**PROMPT**
All lines with the word "extrude" in the material below are required.

─── DATA ───

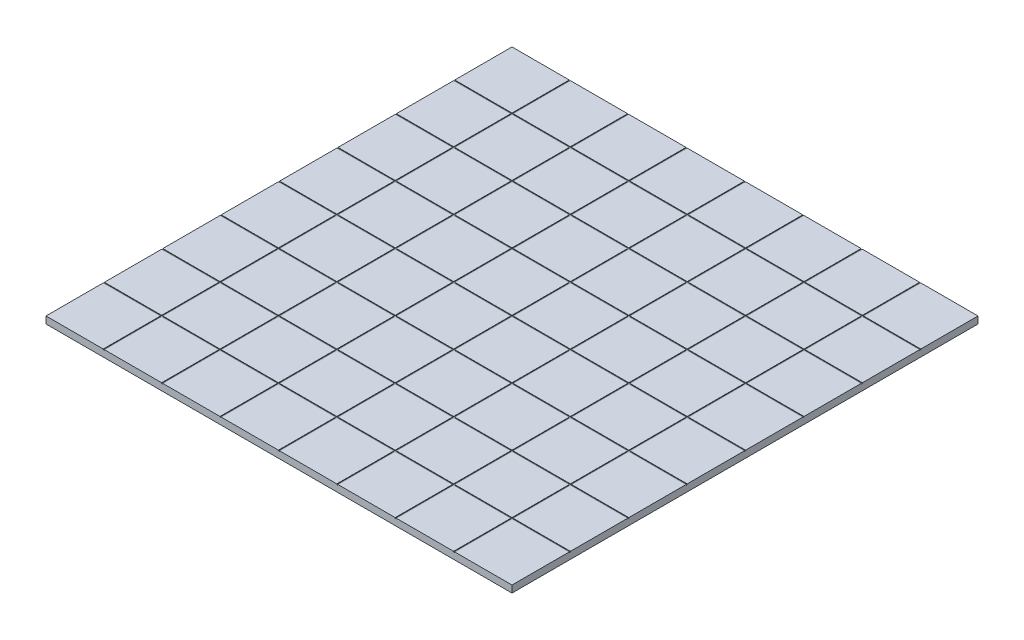
SolidWorks part; units mm, degrees
ref_plane "Front Plane" through (0, 0, 0) normal (0, 0, 1) x (1, 0, 0)
ref_plane "Top Plane" through (0, 0, 0) normal (0, 1, 0) x (1, 0, 0)
ref_plane "Right Plane" through (0, 0, 0) normal (1, 0, 0) x (0, 0, -1)
sketch "Sketch1" plane through (0, 0, 0) normal (0, 1, 0) x (1, 0, 0)
  line L1 (0, 0) -> (200, 0)
  line L2 (0, 0) -> (0, 200)
  line L3 (0, 200) -> (200, 200)
  line L4 (200, 0) -> (200, 200)
  dimension "D1" = 200
  dimension "D2" = 200
extrude "Boss-Extrude1" add sketch "Sketch1" along normal blind 3
sketch "Sketch2" plane through (0, 3, 0) normal (0, 1, 0) x (1, 0, 0)
  line L0 (200, 200) -> (0, 200) construction
  line L1 (24.5625, 200) -> (25.0625, 200)
  line L2 (24.5625, 200) -> (24.5625, 0)
  line L3 (24.5625, 0) -> (25.0625, 0)
  line L4 (25.0625, 200) -> (25.0625, 0)
  line L5 (0, 0) -> (200, 0) construction
  line L6 (200, 0) -> (200, 200) construction
  line L7 (49.625, 0) -> (50.125, 0)
  line L8 (49.625, 0) -> (49.625, 200)
  line L9 (49.625, 200) -> (50.125, 200)
  line L10 (50.125, 0) -> (50.125, 200)
  line L11 (99.75, 0) -> (100.25, 0)
  line L12 (99.75, 0) -> (99.75, 200)
  line L13 (99.75, 200) -> (100.25, 200)
  line L14 (100.25, 0) -> (100.25, 200)
  line L15 (74.6875, 0) -> (75.1875, 0)
  line L16 (74.6875, 0) -> (74.6875, 200)
  line L17 (74.6875, 200) -> (75.1875, 200)
  line L18 (75.1875, 0) -> (75.1875, 200)
  line L19 (124.8125, 0) -> (125.3125, 0)
  line L20 (124.8125, 0) -> (124.8125, 200)
  line L21 (124.8125, 200) -> (125.3125, 200)
  line L22 (125.3125, 0) -> (125.3125, 200)
  line L23 (149.875, 0) -> (150.375, 0)
  line L24 (149.875, 0) -> (149.875, 200)
  line L25 (149.875, 200) -> (150.375, 200)
  line L26 (150.375, 0) -> (150.375, 200)
  line L27 (174.9375, 0) -> (175.4375, 0)
  line L28 (174.9375, 0) -> (174.9375, 200)
  line L29 (174.9375, 200) -> (175.4375, 200)
  line L30 (175.4375, 0) -> (175.4375, 200)
  line L31 (0, 200) -> (0, 0) construction
  line L33 (0, 175.4375) -> (200, 175.4375)
  line L34 (0, 175.4375) -> (0, 174.9375)
  line L35 (0, 174.9375) -> (200, 174.9375)
  line L36 (200, 175.4375) -> (200, 174.9375)
  line L37 (0, 150.375) -> (200, 150.375)
  line L38 (0, 150.375) -> (0, 149.875)
  line L39 (0, 149.875) -> (200, 149.875)
  line L40 (200, 150.375) -> (200, 149.875)
  line L41 (0, 125.3125) -> (200, 125.3125)
  line L42 (0, 125.3125) -> (0, 124.8125)
  line L43 (0, 124.8125) -> (200, 124.8125)
  line L44 (200, 125.3125) -> (200, 124.8125)
  line L45 (0, 100.25) -> (200, 100.25)
  line L46 (0, 100.25) -> (0, 99.75)
  line L47 (0, 99.75) -> (200, 99.75)
  line L48 (200, 100.25) -> (200, 99.75)
  line L49 (0, 75.1875) -> (200, 75.1875)
  line L50 (0, 75.1875) -> (0, 74.6875)
  line L51 (0, 74.6875) -> (200, 74.6875)
  line L52 (200, 75.1875) -> (200, 74.6875)
  line L53 (0, 50.125) -> (200, 50.125)
  line L54 (0, 50.125) -> (0, 49.625)
  line L55 (0, 49.625) -> (200, 49.625)
  line L56 (200, 50.125) -> (200, 49.625)
  line L57 (0, 25.0625) -> (200, 25.0625)
  line L58 (0, 25.0625) -> (0, 24.5625)
  line L59 (0, 24.5625) -> (200, 24.5625)
  line L60 (200, 25.0625) -> (200, 24.5625)
  line M29 (0, 200) -> (0, 0)
  dimension "D1" = 0.5
  dimension "D2" = 0.5
  dimension "D3" = 0.5
  dimension "D4" = 0.5
  dimension "D5" = 0.5
  dimension "D6" = 0.5
  dimension "D7" = 0.5
  dimension "D8" = 24.5625
  dimension "D9" = 0.5
  dimension "D10" = 24.5625
  dimension "D11" = 24.5625
  dimension "D12" = 24.5625
  dimension "D13" = 24.5625
  dimension "D14" = 24.5625
  dimension "D15" = 24.5625
  dimension "D16" = 24.5625
  dimension "D17" = 0.5
  dimension "D18" = 24.5625
  dimension "D19" = 0.5
  dimension "D20" = 24.5625
  dimension "D21" = 0.5
  dimension "D22" = 24.5625
  dimension "D23" = 0.5
  dimension "D24" = 24.5625
  dimension "D25" = 0.5
  dimension "D26" = 24.5625
  dimension "D27" = 0.5
  dimension "D28" = 24.5625
  dimension "D29" = 0.5
  dimension "D30" = 24.5625
  dimension "D31" = 24.5625
extrude "Cut-Extrude1" cut sketch "Sketch2" against normal blind 0.25 contours L51 L2 L49 M29 | L2 L3 L4 L1 | L49 L52 L51 L50 | L57 L60 L59 L58 | L55 L56 L53 L54 | L47 L48 L45 L46 | L41 L44 L43 L42 | L39 L40 L37 L38 | L33 L36 L35 L34 | L8 L9 L10 L7 | L18 L17 L16 L15 | L12 L13 L14 L11 | L20 L21 L22 L19 | L26 L25 L24 L23 | L30 L29 L28 L27 region at (12.2813, 3, -74.9375)
sketch "Sketch4" plane through (0, 0, 0) normal (0, -1, 0) x (1, 0, 0)
  line L0 (12.28, -186.22) -> (12.28, -189.22)
  line L1 (10.33, -186.22) -> (14.23, -186.22)
  line L2 (10.33, -186.22) -> (10.33, -189.22)
  line L3 (10.33, -189.22) -> (14.23, -189.22)
  line L4 (24.5625, -175.4375) -> (0, -175.4375)
  line L5 (24.5625, -200) -> (24.5625, -175.4375)
  line L6 (0, -200) -> (24.5625, -200)
  line L7 (0, -175.4375) -> (0, -200)
  line L8 (24.5625, -175.4375) -> (0, -175.4375)
  line L9 (24.5625, -200) -> (24.5625, -175.4375)
  line L10 (0, -200) -> (24.5625, -200)
  line L11 (0, -175.4375) -> (0, -200)
  line L12 (14.23, -186.22) -> (14.23, -189.22)
  line L13 (10.33, -187.72) -> (14.23, -187.72)
  line L14 (39.5425, -189.47) -> (39.5425, -185.97)
  line L15 (14.48, -189.47) -> (10.08, -189.47)
  line L16 (14.48, -189.47) -> (14.48, -185.97)
  line L17 (14.48, -185.97) -> (10.08, -185.97)
  line L18 (10.08, -189.47) -> (10.08, -185.97)
  line L19 (14.48, -189.47) -> (10.08, -185.97) construction
  line L20 (14.48, -185.97) -> (10.08, -189.47) construction
  line L21 (39.5425, -189.47) -> (35.1425, -189.47)
  line L22 (35.1425, -189.47) -> (35.1425, -185.97)
  line L23 (39.5425, -185.97) -> (35.1425, -185.97)
  line L24 (25.0625, -175.4375) -> (25.0625, -200)
  line L25 (49.625, -175.4375) -> (25.0625, -175.4375)
  line L26 (49.625, -200) -> (49.625, -175.4375)
  line L27 (25.0625, -200) -> (49.625, -200)
  line L28 (25.0625, -175.4375) -> (25.0625, -200)
  line L29 (49.625, -175.4375) -> (25.0625, -175.4375)
  line L30 (49.625, -200) -> (49.625, -175.4375)
  line L31 (25.0625, -200) -> (49.625, -200)
  line L32 (64.605, -189.47) -> (64.605, -185.97)
  line L33 (64.605, -189.47) -> (60.205, -189.47)
  line L34 (60.205, -189.47) -> (60.205, -185.97)
  line L35 (64.605, -185.97) -> (60.205, -185.97)
  line L36 (89.6675, -189.47) -> (89.6675, -185.97)
  line L37 (89.6675, -189.47) -> (85.2675, -189.47)
  line L38 (85.2675, -189.47) -> (85.2675, -185.97)
  line L39 (89.6675, -185.97) -> (85.2675, -185.97)
  line L40 (114.73, -189.47) -> (114.73, -185.97)
  line L41 (114.73, -189.47) -> (110.33, -189.47)
  line L42 (110.33, -189.47) -> (110.33, -185.97)
  line L43 (114.73, -185.97) -> (110.33, -185.97)
  line L44 (139.7925, -189.47) -> (139.7925, -185.97)
  line L45 (139.7925, -189.47) -> (135.3925, -189.47)
  line L46 (135.3925, -189.47) -> (135.3925, -185.97)
  line L47 (139.7925, -185.97) -> (135.3925, -185.97)
  line L48 (164.855, -189.47) -> (164.855, -185.97)
  line L49 (164.855, -189.47) -> (160.455, -189.47)
  line L50 (160.455, -189.47) -> (160.455, -185.97)
  line L51 (164.855, -185.97) -> (160.455, -185.97)
  line L52 (189.9175, -189.47) -> (189.9175, -185.97)
  line L53 (189.9175, -189.47) -> (185.5175, -189.47)
  line L54 (185.5175, -189.47) -> (185.5175, -185.97)
  line L55 (189.9175, -185.97) -> (185.5175, -185.97)
  line L56 (39.5425, -164.4075) -> (39.5425, -160.9075)
  line L57 (39.5425, -164.4075) -> (35.1425, -164.4075)
  line L58 (35.1425, -164.4075) -> (35.1425, -160.9075)
  line L59 (39.5425, -160.9075) -> (35.1425, -160.9075)
  line L60 (64.605, -164.4075) -> (64.605, -160.9075)
  line L61 (64.605, -164.4075) -> (60.205, -164.4075)
  line L62 (60.205, -164.4075) -> (60.205, -160.9075)
  line L63 (64.605, -160.9075) -> (60.205, -160.9075)
  line L64 (89.6675, -164.4075) -> (89.6675, -160.9075)
  line L65 (89.6675, -164.4075) -> (85.2675, -164.4075)
  line L66 (85.2675, -164.4075) -> (85.2675, -160.9075)
  line L67 (89.6675, -160.9075) -> (85.2675, -160.9075)
  line L68 (114.73, -164.4075) -> (114.73, -160.9075)
  line L69 (114.73, -164.4075) -> (110.33, -164.4075)
  line L70 (110.33, -164.4075) -> (110.33, -160.9075)
  line L71 (114.73, -160.9075) -> (110.33, -160.9075)
  line L72 (139.7925, -164.4075) -> (139.7925, -160.9075)
  line L73 (139.7925, -164.4075) -> (135.3925, -164.4075)
  line L74 (135.3925, -164.4075) -> (135.3925, -160.9075)
  line L75 (139.7925, -160.9075) -> (135.3925, -160.9075)
  line L76 (164.855, -164.4075) -> (164.855, -160.9075)
  line L77 (164.855, -164.4075) -> (160.455, -164.4075)
  line L78 (160.455, -164.4075) -> (160.455, -160.9075)
  line L79 (164.855, -160.9075) -> (160.455, -160.9075)
  line L80 (189.9175, -164.4075) -> (189.9175, -160.9075)
  line L81 (189.9175, -164.4075) -> (185.5175, -164.4075)
  line L82 (185.5175, -164.4075) -> (185.5175, -160.9075)
  line L83 (189.9175, -160.9075) -> (185.5175, -160.9075)
  line L84 (39.5425, -139.345) -> (39.5425, -135.845)
  line L85 (39.5425, -139.345) -> (35.1425, -139.345)
  line L86 (35.1425, -139.345) -> (35.1425, -135.845)
  line L87 (39.5425, -135.845) -> (35.1425, -135.845)
  line L88 (64.605, -139.345) -> (64.605, -135.845)
  line L89 (64.605, -139.345) -> (60.205, -139.345)
  line L90 (60.205, -139.345) -> (60.205, -135.845)
  line L91 (64.605, -135.845) -> (60.205, -135.845)
  line L92 (89.6675, -139.345) -> (89.6675, -135.845)
  line L93 (89.6675, -139.345) -> (85.2675, -139.345)
  line L94 (85.2675, -139.345) -> (85.2675, -135.845)
  line L95 (89.6675, -135.845) -> (85.2675, -135.845)
  line L96 (114.73, -139.345) -> (114.73, -135.845)
  line L97 (114.73, -139.345) -> (110.33, -139.345)
  line L98 (110.33, -139.345) -> (110.33, -135.845)
  line L99 (114.73, -135.845) -> (110.33, -135.845)
  line L100 (139.7925, -139.345) -> (139.7925, -135.845)
  line L101 (139.7925, -139.345) -> (135.3925, -139.345)
  line L102 (135.3925, -139.345) -> (135.3925, -135.845)
  line L103 (139.7925, -135.845) -> (135.3925, -135.845)
  line L104 (164.855, -139.345) -> (164.855, -135.845)
  line L105 (164.855, -139.345) -> (160.455, -139.345)
  line L106 (160.455, -139.345) -> (160.455, -135.845)
  line L107 (164.855, -135.845) -> (160.455, -135.845)
  line L108 (189.9175, -139.345) -> (189.9175, -135.845)
  line L109 (189.9175, -139.345) -> (185.5175, -139.345)
  line L110 (185.5175, -139.345) -> (185.5175, -135.845)
  line L111 (189.9175, -135.845) -> (185.5175, -135.845)
  line L112 (39.5425, -114.2825) -> (39.5425, -110.7825)
  line L113 (39.5425, -114.2825) -> (35.1425, -114.2825)
  line L114 (35.1425, -114.2825) -> (35.1425, -110.7825)
  line L115 (39.5425, -110.7825) -> (35.1425, -110.7825)
  line L116 (64.605, -114.2825) -> (64.605, -110.7825)
  line L117 (64.605, -114.2825) -> (60.205, -114.2825)
  line L118 (60.205, -114.2825) -> (60.205, -110.7825)
  line L119 (64.605, -110.7825) -> (60.205, -110.7825)
  line L120 (89.6675, -114.2825) -> (89.6675, -110.7825)
  line L121 (89.6675, -114.2825) -> (85.2675, -114.2825)
  line L122 (85.2675, -114.2825) -> (85.2675, -110.7825)
  line L123 (89.6675, -110.7825) -> (85.2675, -110.7825)
  line L124 (114.73, -114.2825) -> (114.73, -110.7825)
  line L125 (114.73, -114.2825) -> (110.33, -114.2825)
  line L126 (110.33, -114.2825) -> (110.33, -110.7825)
  line L127 (114.73, -110.7825) -> (110.33, -110.7825)
  line L128 (139.7925, -114.2825) -> (139.7925, -110.7825)
  line L129 (139.7925, -114.2825) -> (135.3925, -114.2825)
  line L130 (135.3925, -114.2825) -> (135.3925, -110.7825)
  line L131 (139.7925, -110.7825) -> (135.3925, -110.7825)
  line L132 (164.855, -114.2825) -> (164.855, -110.7825)
  line L133 (164.855, -114.2825) -> (160.455, -114.2825)
  line L134 (160.455, -114.2825) -> (160.455, -110.7825)
  line L135 (164.855, -110.7825) -> (160.455, -110.7825)
  line L136 (189.9175, -114.2825) -> (189.9175, -110.7825)
  line L137 (189.9175, -114.2825) -> (185.5175, -114.2825)
  line L138 (185.5175, -114.2825) -> (185.5175, -110.7825)
  line L139 (189.9175, -110.7825) -> (185.5175, -110.7825)
  line L140 (39.5425, -89.22) -> (39.5425, -85.72)
  line L141 (39.5425, -89.22) -> (35.1425, -89.22)
  line L142 (35.1425, -89.22) -> (35.1425, -85.72)
  line L143 (39.5425, -85.72) -> (35.1425, -85.72)
  line L144 (64.605, -89.22) -> (64.605, -85.72)
  line L145 (64.605, -89.22) -> (60.205, -89.22)
  line L146 (60.205, -89.22) -> (60.205, -85.72)
  line L147 (64.605, -85.72) -> (60.205, -85.72)
  line L148 (89.6675, -89.22) -> (89.6675, -85.72)
  line L149 (89.6675, -89.22) -> (85.2675, -89.22)
  line L150 (85.2675, -89.22) -> (85.2675, -85.72)
  line L151 (89.6675, -85.72) -> (85.2675, -85.72)
  line L152 (114.73, -89.22) -> (114.73, -85.72)
  line L153 (114.73, -89.22) -> (110.33, -89.22)
  line L154 (110.33, -89.22) -> (110.33, -85.72)
  line L155 (114.73, -85.72) -> (110.33, -85.72)
  line L156 (139.7925, -89.22) -> (139.7925, -85.72)
  line L157 (139.7925, -89.22) -> (135.3925, -89.22)
  line L158 (135.3925, -89.22) -> (135.3925, -85.72)
  line L159 (139.7925, -85.72) -> (135.3925, -85.72)
  line L160 (164.855, -89.22) -> (164.855, -85.72)
  line L161 (164.855, -89.22) -> (160.455, -89.22)
  line L162 (160.455, -89.22) -> (160.455, -85.72)
  line L163 (164.855, -85.72) -> (160.455, -85.72)
  line L164 (189.9175, -89.22) -> (189.9175, -85.72)
  line L165 (189.9175, -89.22) -> (185.5175, -89.22)
  line L166 (185.5175, -89.22) -> (185.5175, -85.72)
  line L167 (189.9175, -85.72) -> (185.5175, -85.72)
  line L168 (39.5425, -64.1575) -> (39.5425, -60.6575)
  line L169 (39.5425, -64.1575) -> (35.1425, -64.1575)
  line L170 (35.1425, -64.1575) -> (35.1425, -60.6575)
  line L171 (39.5425, -60.6575) -> (35.1425, -60.6575)
  line L172 (64.605, -64.1575) -> (64.605, -60.6575)
  line L173 (64.605, -64.1575) -> (60.205, -64.1575)
  line L174 (60.205, -64.1575) -> (60.205, -60.6575)
  line L175 (64.605, -60.6575) -> (60.205, -60.6575)
  line L176 (89.6675, -64.1575) -> (89.6675, -60.6575)
  line L177 (89.6675, -64.1575) -> (85.2675, -64.1575)
  line L178 (85.2675, -64.1575) -> (85.2675, -60.6575)
  line L179 (89.6675, -60.6575) -> (85.2675, -60.6575)
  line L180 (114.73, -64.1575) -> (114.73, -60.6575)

───

**RESPONSE**
extrude "Boss-Extrude1" add sketch "Sketch1" along normal blind 3
extrude "Cut-Extrude1" cut sketch "Sketch2" against normal blind 0.25 contours L51 L2 L49 M29 | L2 L3 L4 L1 | L49 L52 L51 L50 | L57 L60 L59 L58 | L55 L56 L53 L54 | L47 L48 L45 L46 | L41 L44 L43 L42 | L39 L40 L37 L38 | L33 L36 L35 L34 | L8 L9 L10 L7 | L18 L17 L16 L15 | L12 L13 L14 L11 | L20 L21 L22 L19 | L26 L25 L24 L23 | L30 L29 L28 L27 region at (12.2813, 3, -74.9375)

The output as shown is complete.